Task requirements: Your job is to return each record exactly, minus any pictures.

Data extracted from a collection:

+---+

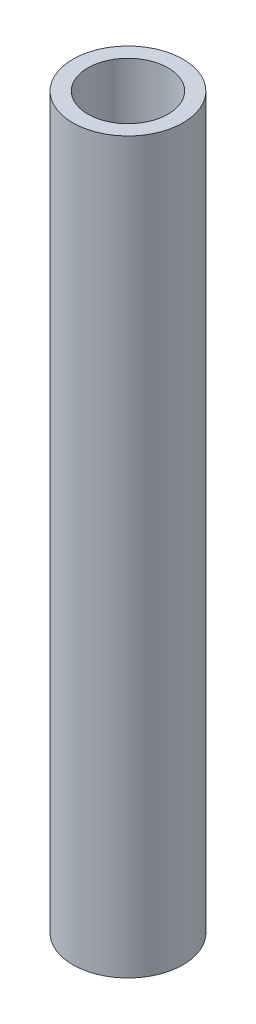
ISO-10303-21;
HEADER;
FILE_DESCRIPTION(('STEP AP214'),'2;1');
FILE_NAME('part.step','',(''),(''),'','','');
FILE_SCHEMA(('AUTOMOTIVE_DESIGN { 1 0 10303 214 1 1 1 1 }'));
ENDSEC;
DATA;
#1=APPLICATION_CONTEXT('core data for automotive mechanical design processes');
#2=APPLICATION_PROTOCOL_DEFINITION('international standard','automotive_design',2000,#1);
#3=PRODUCT_CONTEXT('',#1,'mechanical');
#4=PRODUCT('Part','Part','',(#3));
#5=PRODUCT_RELATED_PRODUCT_CATEGORY('part','',(#4));
#6=PRODUCT_DEFINITION_FORMATION('','',#4);
#7=PRODUCT_DEFINITION_CONTEXT('part definition',#1,'design');
#8=PRODUCT_DEFINITION('design','',#6,#7);
#9=PRODUCT_DEFINITION_SHAPE('','',#8);
#10=(LENGTH_UNIT() NAMED_UNIT(*) SI_UNIT(.MILLI.,.METRE.));
#11=(NAMED_UNIT(*) PLANE_ANGLE_UNIT() SI_UNIT($,.RADIAN.));
#12=(NAMED_UNIT(*) SI_UNIT($,.STERADIAN.) SOLID_ANGLE_UNIT());
#13=UNCERTAINTY_MEASURE_WITH_UNIT(LENGTH_MEASURE(1.E-05),#10,'distance_accuracy_value','');
#14=(GEOMETRIC_REPRESENTATION_CONTEXT(3) GLOBAL_UNCERTAINTY_ASSIGNED_CONTEXT((#13)) GLOBAL_UNIT_ASSIGNED_CONTEXT((#10,
#11,#12)) REPRESENTATION_CONTEXT('',''));
#15=CARTESIAN_POINT('',(0.,0.,0.));
#16=DIRECTION('',(0.,0.,1.));
#17=DIRECTION('',(1.,0.,0.));
#18=AXIS2_PLACEMENT_3D('',#15,#16,#17);
#19=CARTESIAN_POINT('',(0.,110.49,0.));
#20=DIRECTION('',(0.,1.,0.));
#21=DIRECTION('',(0.,0.,1.));
#22=AXIS2_PLACEMENT_3D('',#19,#20,#21);
#23=PLANE('',#22);
#24=CARTESIAN_POINT('',(0.,110.49,0.));
#25=DIRECTION('',(0.,1.,0.));
#26=DIRECTION('',(0.,0.,1.));
#27=AXIS2_PLACEMENT_3D('',#24,#25,#26);
#28=CIRCLE('',#27,16.7005);
#29=CARTESIAN_POINT('',(0.,110.49,16.7005));
#30=VERTEX_POINT('',#29);
#31=EDGE_CURVE('E10',#30,#30,#28,.T.);
#32=ORIENTED_EDGE('',*,*,#31,.T.);
#33=EDGE_LOOP('',(#32));
#34=FACE_BOUND('',#33,.T.);
#35=CARTESIAN_POINT('',(0.,110.49,0.));
#36=DIRECTION('',(0.,1.,0.));
#37=DIRECTION('',(0.,0.,1.));
#38=AXIS2_PLACEMENT_3D('',#35,#36,#37);
#39=CIRCLE('',#38,12.1539);
#40=CARTESIAN_POINT('',(0.,110.49,12.1539));
#41=VERTEX_POINT('',#40);
#42=EDGE_CURVE('E42',#41,#41,#39,.T.);
#43=ORIENTED_EDGE('',*,*,#42,.F.);
#44=EDGE_LOOP('',(#43));
#45=FACE_BOUND('',#44,.T.);
#46=ADVANCED_FACE('F31',(#34,#45),#23,.T.);
#47=CARTESIAN_POINT('',(0.,-110.49,0.));
#48=DIRECTION('',(0.,1.,0.));
#49=DIRECTION('',(0.,0.,1.));
#50=AXIS2_PLACEMENT_3D('',#47,#48,#49);
#51=PLANE('',#50);
#52=CARTESIAN_POINT('',(0.,-110.49,0.));
#53=DIRECTION('',(0.,1.,0.));
#54=DIRECTION('',(0.,0.,1.));
#55=AXIS2_PLACEMENT_3D('',#52,#53,#54);
#56=CIRCLE('',#55,16.7005);
#57=CARTESIAN_POINT('',(0.,-110.49,16.7005));
#58=VERTEX_POINT('',#57);
#59=EDGE_CURVE('E35',#58,#58,#56,.T.);
#60=ORIENTED_EDGE('',*,*,#59,.F.);
#61=EDGE_LOOP('',(#60));
#62=FACE_BOUND('',#61,.T.);
#63=CARTESIAN_POINT('',(0.,-110.49,0.));
#64=DIRECTION('',(0.,1.,0.));
#65=DIRECTION('',(0.,0.,1.));
#66=AXIS2_PLACEMENT_3D('',#63,#64,#65);
#67=CIRCLE('',#66,12.1539);
#68=CARTESIAN_POINT('',(0.,-110.49,12.1539));
#69=VERTEX_POINT('',#68);
#70=EDGE_CURVE('E44',#69,#69,#67,.T.);
#71=ORIENTED_EDGE('',*,*,#70,.T.);
#72=EDGE_LOOP('',(#71));
#73=FACE_BOUND('',#72,.T.);
#74=ADVANCED_FACE('F54',(#62,#73),#51,.F.);
#75=CARTESIAN_POINT('',(0.,110.49,0.));
#76=DIRECTION('',(0.,-1.,0.));
#77=DIRECTION('',(0.,0.,-1.));
#78=AXIS2_PLACEMENT_3D('',#75,#76,#77);
#79=CYLINDRICAL_SURFACE('',#78,16.7005);
#80=ORIENTED_EDGE('',*,*,#31,.F.);
#81=EDGE_LOOP('',(#80));
#82=FACE_BOUND('',#81,.T.);
#83=ORIENTED_EDGE('',*,*,#59,.T.);
#84=EDGE_LOOP('',(#83));
#85=FACE_BOUND('',#84,.T.);
#86=ADVANCED_FACE('F33',(#82,#85),#79,.T.);
#87=CARTESIAN_POINT('',(0.,110.49,0.));
#88=DIRECTION('',(0.,-1.,0.));
#89=DIRECTION('',(0.,0.,-1.));
#90=AXIS2_PLACEMENT_3D('',#87,#88,#89);
#91=CYLINDRICAL_SURFACE('',#90,12.1539);
#92=ORIENTED_EDGE('',*,*,#42,.T.);
#93=EDGE_LOOP('',(#92));
#94=FACE_BOUND('',#93,.T.);
#95=ORIENTED_EDGE('',*,*,#70,.F.);
#96=EDGE_LOOP('',(#95));
#97=FACE_BOUND('',#96,.T.);
#98=ADVANCED_FACE('F50',(#94,#97),#91,.F.);
#99=CLOSED_SHELL('',(#46,#74,#86,#98));
#100=MANIFOLD_SOLID_BREP('B2',#99);
#101=ADVANCED_BREP_SHAPE_REPRESENTATION('',(#18,#100),#14);
#102=SHAPE_DEFINITION_REPRESENTATION(#9,#101);
ENDSEC;
END-ISO-10303-21;

+---+

Exercise response:
ISO-10303-21;
HEADER;
FILE_DESCRIPTION(('STEP AP214'),'2;1');
FILE_NAME('part.step','',(''),(''),'','','');
FILE_SCHEMA(('AUTOMOTIVE_DESIGN { 1 0 10303 214 1 1 1 1 }'));
ENDSEC;
DATA;
#1=APPLICATION_CONTEXT('core data for automotive mechanical design processes');
#2=APPLICATION_PROTOCOL_DEFINITION('international standard','automotive_design',2000,#1);
#3=PRODUCT_CONTEXT('',#1,'mechanical');
#4=PRODUCT('Part','Part','',(#3));
#5=PRODUCT_RELATED_PRODUCT_CATEGORY('part','',(#4));
#6=PRODUCT_DEFINITION_FORMATION('','',#4);
#7=PRODUCT_DEFINITION_CONTEXT('part definition',#1,'design');
#8=PRODUCT_DEFINITION('design','',#6,#7);
#9=PRODUCT_DEFINITION_SHAPE('','',#8);
#10=(LENGTH_UNIT() NAMED_UNIT(*) SI_UNIT(.MILLI.,.METRE.));
#11=(NAMED_UNIT(*) PLANE_ANGLE_UNIT() SI_UNIT($,.RADIAN.));
#12=(NAMED_UNIT(*) SI_UNIT($,.STERADIAN.) SOLID_ANGLE_UNIT());
#13=UNCERTAINTY_MEASURE_WITH_UNIT(LENGTH_MEASURE(1.E-05),#10,'distance_accuracy_value','');
#14=(GEOMETRIC_REPRESENTATION_CONTEXT(3) GLOBAL_UNCERTAINTY_ASSIGNED_CONTEXT((#13)) GLOBAL_UNIT_ASSIGNED_CONTEXT((#10,
#11,#12)) REPRESENTATION_CONTEXT('',''));
#15=CARTESIAN_POINT('',(0.,0.,0.));
#16=DIRECTION('',(0.,0.,1.));
#17=DIRECTION('',(1.,0.,0.));
#18=AXIS2_PLACEMENT_3D('',#15,#16,#17);
#19=CARTESIAN_POINT('',(0.,110.49,0.));
#20=DIRECTION('',(0.,1.,0.));
#21=DIRECTION('',(0.,0.,1.));
#22=AXIS2_PLACEMENT_3D('',#19,#20,#21);
#23=PLANE('',#22);
#24=CARTESIAN_POINT('',(0.,110.49,0.));
#25=DIRECTION('',(0.,1.,0.));
#26=DIRECTION('',(0.,0.,1.));
#27=AXIS2_PLACEMENT_3D('',#24,#25,#26);
#28=CIRCLE('',#27,16.7005);
#29=CARTESIAN_POINT('',(0.,110.49,16.7005));
#30=VERTEX_POINT('',#29);
#31=EDGE_CURVE('E10',#30,#30,#28,.T.);
#32=ORIENTED_EDGE('',*,*,#31,.T.);
#33=EDGE_LOOP('',(#32));
#34=FACE_BOUND('',#33,.T.);
#35=CARTESIAN_POINT('',(0.,110.49,0.));
#36=DIRECTION('',(0.,1.,0.));
#37=DIRECTION('',(0.,0.,1.));
#38=AXIS2_PLACEMENT_3D('',#35,#36,#37);
#39=CIRCLE('',#38,12.1539);
#40=CARTESIAN_POINT('',(0.,110.49,12.1539));
#41=VERTEX_POINT('',#40);
#42=EDGE_CURVE('E42',#41,#41,#39,.T.);
#43=ORIENTED_EDGE('',*,*,#42,.F.);
#44=EDGE_LOOP('',(#43));
#45=FACE_BOUND('',#44,.T.);
#46=ADVANCED_FACE('F31',(#34,#45),#23,.T.);
#47=CARTESIAN_POINT('',(0.,-110.49,0.));
#48=DIRECTION('',(0.,1.,0.));
#49=DIRECTION('',(0.,0.,1.));
#50=AXIS2_PLACEMENT_3D('',#47,#48,#49);
#51=PLANE('',#50);
#52=CARTESIAN_POINT('',(0.,-110.49,0.));
#53=DIRECTION('',(0.,1.,0.));
#54=DIRECTION('',(0.,0.,1.));
#55=AXIS2_PLACEMENT_3D('',#52,#53,#54);
#56=CIRCLE('',#55,16.7005);
#57=CARTESIAN_POINT('',(0.,-110.49,16.7005));
#58=VERTEX_POINT('',#57);
#59=EDGE_CURVE('E35',#58,#58,#56,.T.);
#60=ORIENTED_EDGE('',*,*,#59,.F.);
#61=EDGE_LOOP('',(#60));
#62=FACE_BOUND('',#61,.T.);
#63=CARTESIAN_POINT('',(0.,-110.49,0.));
#64=DIRECTION('',(0.,1.,0.));
#65=DIRECTION('',(0.,0.,1.));
#66=AXIS2_PLACEMENT_3D('',#63,#64,#65);
#67=CIRCLE('',#66,12.1539);
#68=CARTESIAN_POINT('',(0.,-110.49,12.1539));
#69=VERTEX_POINT('',#68);
#70=EDGE_CURVE('E44',#69,#69,#67,.T.);
#71=ORIENTED_EDGE('',*,*,#70,.T.);
#72=EDGE_LOOP('',(#71));
#73=FACE_BOUND('',#72,.T.);
#74=ADVANCED_FACE('F54',(#62,#73),#51,.F.);
#75=CARTESIAN_POINT('',(0.,110.49,0.));
#76=DIRECTION('',(0.,-1.,0.));
#77=DIRECTION('',(0.,0.,-1.));
#78=AXIS2_PLACEMENT_3D('',#75,#76,#77);
#79=CYLINDRICAL_SURFACE('',#78,16.7005);
#80=ORIENTED_EDGE('',*,*,#31,.F.);
#81=EDGE_LOOP('',(#80));
#82=FACE_BOUND('',#81,.T.);
#83=ORIENTED_EDGE('',*,*,#59,.T.);
#84=EDGE_LOOP('',(#83));
#85=FACE_BOUND('',#84,.T.);
#86=ADVANCED_FACE('F33',(#82,#85),#79,.T.);
#87=CARTESIAN_POINT('',(0.,110.49,0.));
#88=DIRECTION('',(0.,-1.,0.));
#89=DIRECTION('',(0.,0.,-1.));
#90=AXIS2_PLACEMENT_3D('',#87,#88,#89);
#91=CYLINDRICAL_SURFACE('',#90,12.1539);
#92=ORIENTED_EDGE('',*,*,#42,.T.);
#93=EDGE_LOOP('',(#92));
#94=FACE_BOUND('',#93,.T.);
#95=ORIENTED_EDGE('',*,*,#70,.F.);
#96=EDGE_LOOP('',(#95));
#97=FACE_BOUND('',#96,.T.);
#98=ADVANCED_FACE('F50',(#94,#97),#91,.F.);
#99=CLOSED_SHELL('',(#46,#74,#86,#98));
#100=MANIFOLD_SOLID_BREP('B2',#99);
#101=ADVANCED_BREP_SHAPE_REPRESENTATION('',(#18,#100),#14);
#102=SHAPE_DEFINITION_REPRESENTATION(#9,#101);
ENDSEC;
END-ISO-10303-21;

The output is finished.